Inside Planet Mercury (Infographic)

Mercury is the closest planet to the sun and has a thin atmosphere, no air pressure and an extremely high temperature.
(Image credit: Karl Tate, SPACE.com)

Mercury is the closest planet to the Sun in Earth’s solar system, but has no moons and no substantial atmosphere. Mercury is named after the Roman swift-footed messenger God.

As the planet nearest the sun, the surface of Mercury can reach a scorching 840 degrees F (450 degrees C). However, since this world doesn't have a real atmosphere to entrap any heat, at night temperatures can plummet to minus 275 degrees F (minus 170 degrees C), a more than 1,100 degrees F (600 degree C) temperature swing that is the greatest in the solar system.

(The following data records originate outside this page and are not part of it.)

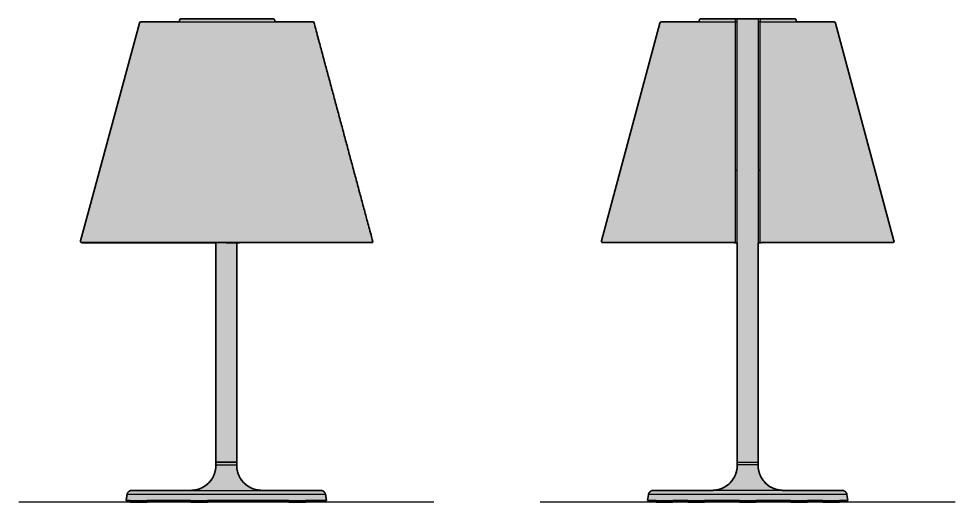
# Model space of a CAD drawing. Header units: millimetres. Extents: x 0 to 1122, y -612 to 580.
# Drawn here: x 0 to 1122, y 0 to 580 of the extents above; entities that cross this region are included whole.
import ezdxf

# ---------------------------------------------------------------- set-up
doc = ezdxf.new("R2010")
doc.units = ezdxf.units.MM
doc.layers.add('Blocks', color=7, linetype='Continuous')
doc.layers.add('Blocks$Fill', color=7, linetype='Continuous', true_color=0xffffff)
for name, color, linetype, lineweight, true_color in [('Blocks$Inner', 7, 'Continuous', 25, 0x007f00), ('Blocks$Outline', 7, 'Continuous', 35, 0xff3f3f), ('Groud', 7, 'Continuous', 25, 0x243775)]:
    doc.layers.add(name, color=color, linetype=linetype, lineweight=lineweight, true_color=true_color)

# ---------------------------------------------------------------- blocks, each defined once
blk = doc.blocks.new('Melampo Table Lamp Side')
at = {"layer": 'Blocks$Fill'}
blk.add_hatch(color=256, dxfattribs=at).paths.add_polyline_path([(145.2, 575.9), (145.2, 575.9), (145.1, 575.9), (145.1, 575.9), (145.1, 575.9), (145, 575.9), (145, 575.9), (145, 575.9), (144.9, 575.9), (144.9, 575.9), (144.9, 575.9), (144.8, 575.9), (144.8, 575.8), (144.8, 575.8), (144.7, 575.8), (144.7, 575.8), (144.6, 575.8), (144.6, 575.8), (144.6, 575.8), (144.5, 575.7), (144.5, 575.7), (144.5, 575.7), (144.4, 575.7), (144.4, 575.7), (144.4, 575.6), (144.3, 575.6), (144.3, 575.6), (144.3, 575.6), (144.2, 575.6), (144.2, 575.5), (144.2, 575.5), (144.1, 575.5), (144.1, 575.5), (144.1, 575.4), (144.1, 575.4), (144, 575.4), (144, 575.4), (144, 575.3), (143.9, 575.3), (143.9, 575.3), (143.9, 575.2), (143.9, 575.2), (143.8, 575.2), (143.8, 575.2), (143.8, 575.1), (143.8, 575.1), (143.7, 575.1), (143.7, 575), (143.7, 575), (143.7, 575), (143.7, 574.9), (143.6, 574.9), (143.6, 574.9), (143.6, 574.8), (143.6, 574.8), (143.6, 574.8), (143.6, 574.7), (143.6, 574.7), (143.5, 574.7), (143.5, 574.6), (143.5, 574.6), (143.5, 574.6), (143.5, 574.5), (143.5, 574.5), (143.5, 574.5), (73.5, 313.6), (73.5, 313.5), (73.4, 313.5), (73.4, 313.4), (73.4, 313.3), (73.4, 313.3), (73.4, 313.2), (73.4, 313.1), (73.4, 313.1), (73.4, 313), (73.4, 312.9), (73.4, 312.9), (73.4, 312.8), (73.4, 312.7), (73.4, 312.7), (73.5, 312.6), (73.5, 312.5), (73.5, 312.5), (73.5, 312.4), (73.5, 312.3), (73.6, 312.3), (73.6, 312.2), (73.6, 312.2), (73.6, 312.1), (73.7, 312), (73.7, 312), (73.7, 311.9), (73.8, 311.9), (73.8, 311.8), (73.9, 311.8), (73.9, 311.7), (73.9, 311.7), (74, 311.6), (232.6, 311.6), (232.6, 311.1), (233.6, 311.1), (236.1, 311.1), (236.1, 48), (236.1, 45), (236.1, 44.3), (236.1, 43.5), (236.1, 42.8), (236, 42), (236, 41.3), (235.9, 40.6), (235.8, 39.8), (235.7, 39.1), (235.5, 38.4), (235.4, 37.6), (235.2, 36.9), (235, 36.2), (234.8, 35.4), (234.6, 34.7), (234.3, 34), (234, 33.3), (233.8, 32.6), (233.4, 31.9), (233.1, 31.2), (232.8, 30.5), (232.4, 29.9), (232.1, 29.2), (231.7, 28.6), (231.3, 27.9), (230.9, 27.3), (230.4, 26.7), (230, 26.1), (229.5, 25.5), (229.1, 25), (228.6, 24.4), (228.1, 23.9), (227.6, 23.3), (227.1, 22.8), (226.5, 22.3), (226, 21.8), (225.4, 21.3), (224.9, 20.9), (224.3, 20.4), (223.7, 20), (223.1, 19.5), (222.4, 19.1), (221.8, 18.7), (221.2, 18.3), (220.5, 18), (219.8, 17.6), (219.1, 17.3), (218.5, 17), (217.8, 16.6), (217.1, 16.4), (216.4, 16.1), (215.6, 15.8), (214.9, 15.6), (214.2, 15.4), (213.5, 15.2), (212.7, 15), (212, 14.9), (211.3, 14.7), (210.5, 14.6), (209.8, 14.5), (209.1, 14.4), (208.3, 14.4), (207.6, 14.3), (206.9, 14.3), (206.1, 14.3), (135.6, 14.3), (135.5, 14.3), (135.4, 14.3), (135.3, 14.3), (135.2, 14.3), (135, 14.3), (134.9, 14.3), (134.8, 14.2), (134.7, 14.2), (134.5, 14.2), (134.4, 14.2), (134.3, 14.1), (134.2, 14.1), (134, 14.1), (133.9, 14), (133.8, 14), (133.7, 14), (133.5, 13.9), (133.4, 13.9), (133.3, 13.8), (133.2, 13.8), (133, 13.7), (132.9, 13.6), (132.8, 13.6), (132.7, 13.5), (132.6, 13.4), (132.5, 13.4), (132.3, 13.3), (132.2, 13.2), (132.1, 13.1), (132, 13.1), (131.9, 13), (131.8, 12.9), (131.7, 12.8), (131.6, 12.7), (131.5, 12.6), (131.4, 12.5), (131.3, 12.4), (131.2, 12.3), (131.1, 12.2), (131, 12.1), (130.9, 12), (130.9, 11.9), (130.8, 11.8), (130.7, 11.7), (130.6, 11.6), (130.6, 11.5), (130.5, 11.4), (130.4, 11.2), (130.4, 11.1), (130.3, 11), (130.2, 10.9), (130.2, 10.8), (130.1, 10.7), (130.1, 10.5), (130, 10.4), (130, 10.3), (130, 10.2), (129.9, 10.1), (129.9, 9.9), (129.8, 9.8), (129.8, 9.7), (129.8, 9.6), (129.8, 9.5), (129.7, 9.3), (128.6, 2), (138.8, 2), (138.8, 0), (158.8, 0), (158.8, 2), (176.9, 2), (176.9, 0), (196.9, 0), (196.9, 2), (238.6, 2), (238.6, 0), (258.6, 0), (258.6, 2), (300.3, 2), (300.3, 0), (320.3, 0), (320.3, 2), (338.5, 2), (338.5, 0), (358.5, 0), (358.5, 2), (368.6, 2), (367.5, 9.3), (367.5, 9.5), (367.5, 9.6), (367.4, 9.7), (367.4, 9.8), (367.4, 9.9), (367.3, 10.1), (367.3, 10.2), (367.3, 10.3), (367.2, 10.4), (367.2, 10.5), (367.1, 10.7), (367.1, 10.8), (367, 10.9), (367, 11), (366.9, 11.1), (366.8, 11.2), (366.8, 11.4), (366.7, 11.5), (366.6, 11.6), (366.5, 11.7), (366.5, 11.8), (366.4, 11.9), (366.3, 12), (366.2, 12.1), (366.1, 12.2), (366, 12.3), (366, 12.4), (365.9, 12.5), (365.8, 12.6), (365.7, 12.7), (365.6, 12.8), (365.5, 12.9), (365.3, 13), (365.2, 13.1), (365.1, 13.1), (365, 13.2), (364.9, 13.3), (364.8, 13.4), (364.7, 13.4), (364.6, 13.5), (364.4, 13.6), (364.3, 13.6), (364.2, 13.7), (364.1, 13.8), (364, 13.8), (363.8, 13.9), (363.7, 13.9), (363.6, 14), (363.5, 14), (363.3, 14), (363.2, 14.1), (363.1, 14.1), (363, 14.1), (362.8, 14.2), (362.7, 14.2), (362.6, 14.2), (362.5, 14.2), (362.3, 14.3), (362.2, 14.3), (362.1, 14.3), (362, 14.3), (361.8, 14.3), (361.7, 14.3), (361.6, 14.3), (291.1, 14.3), (290.4, 14.3), (289.7, 14.3), (288.9, 14.4), (288.2, 14.4), (287.4, 14.5), (286.7, 14.6), (286, 14.7), (285.2, 14.9), (284.5, 15), (283.8, 15.2), (283, 15.4), (282.3, 15.6), (281.6, 15.8), (280.9, 16.1), (280.2, 16.4), (279.5, 16.6), (278.8, 17), (278.1, 17.3), (277.4, 17.6), (276.8, 18), (276.1, 18.3), (275.4, 18.7), (274.8, 19.1), (274.2, 19.5), (273.6, 20), (273, 20.4), (272.4, 20.9), (271.8, 21.3), (271.3, 21.8), (270.7, 22.3), (270.2, 22.8), (269.7, 23.3), (269.2, 23.9), (268.7, 24.4), (268.2, 25), (267.7, 25.5), (267.3, 26.1), (266.8, 26.7), (266.4, 27.3), (266, 27.9), (265.6, 28.6), (265.2, 29.2), (264.8, 29.9), (264.5, 30.5), (264.1, 31.2), (263.8, 31.9), (263.5, 32.6), (263.2, 33.3), (262.9, 34), (262.7, 34.7), (262.5, 35.4), (262.2, 36.2), (262, 36.9), (261.9, 37.6), (261.7, 38.4), (261.6, 39.1), (261.5, 39.8), (261.4, 40.6), (261.3, 41.3), (261.2, 42), (261.2, 42.8), (261.1, 43.5), (261.1, 44.3), (261.1, 45), (261.1, 48), (261.1, 311.1), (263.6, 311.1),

Mercury is the smallest planet — it is only slightly larger than Earth's moon. Since it has no significant atmosphere to stop impacts, the planet is pockmarked with craters. For instance, about 4 billion years ago, a roughly 60-mile-wide (100-kilometer-wide) asteroid struck Mercury with an impact equal to 1 trillion 1-megaton bombs, creating a vast impact crater roughly 960 miles (1,550 kilometers) wide. Known as the Caloris Basin, this crater could hold the entire state of Texas.

NASA's $446 million Messenger probe (which stands for MErcury Surface, Space ENvironment, GEochemistry, and Ranging) was launched in 2004 and has been in orbit around Mercury since 2011.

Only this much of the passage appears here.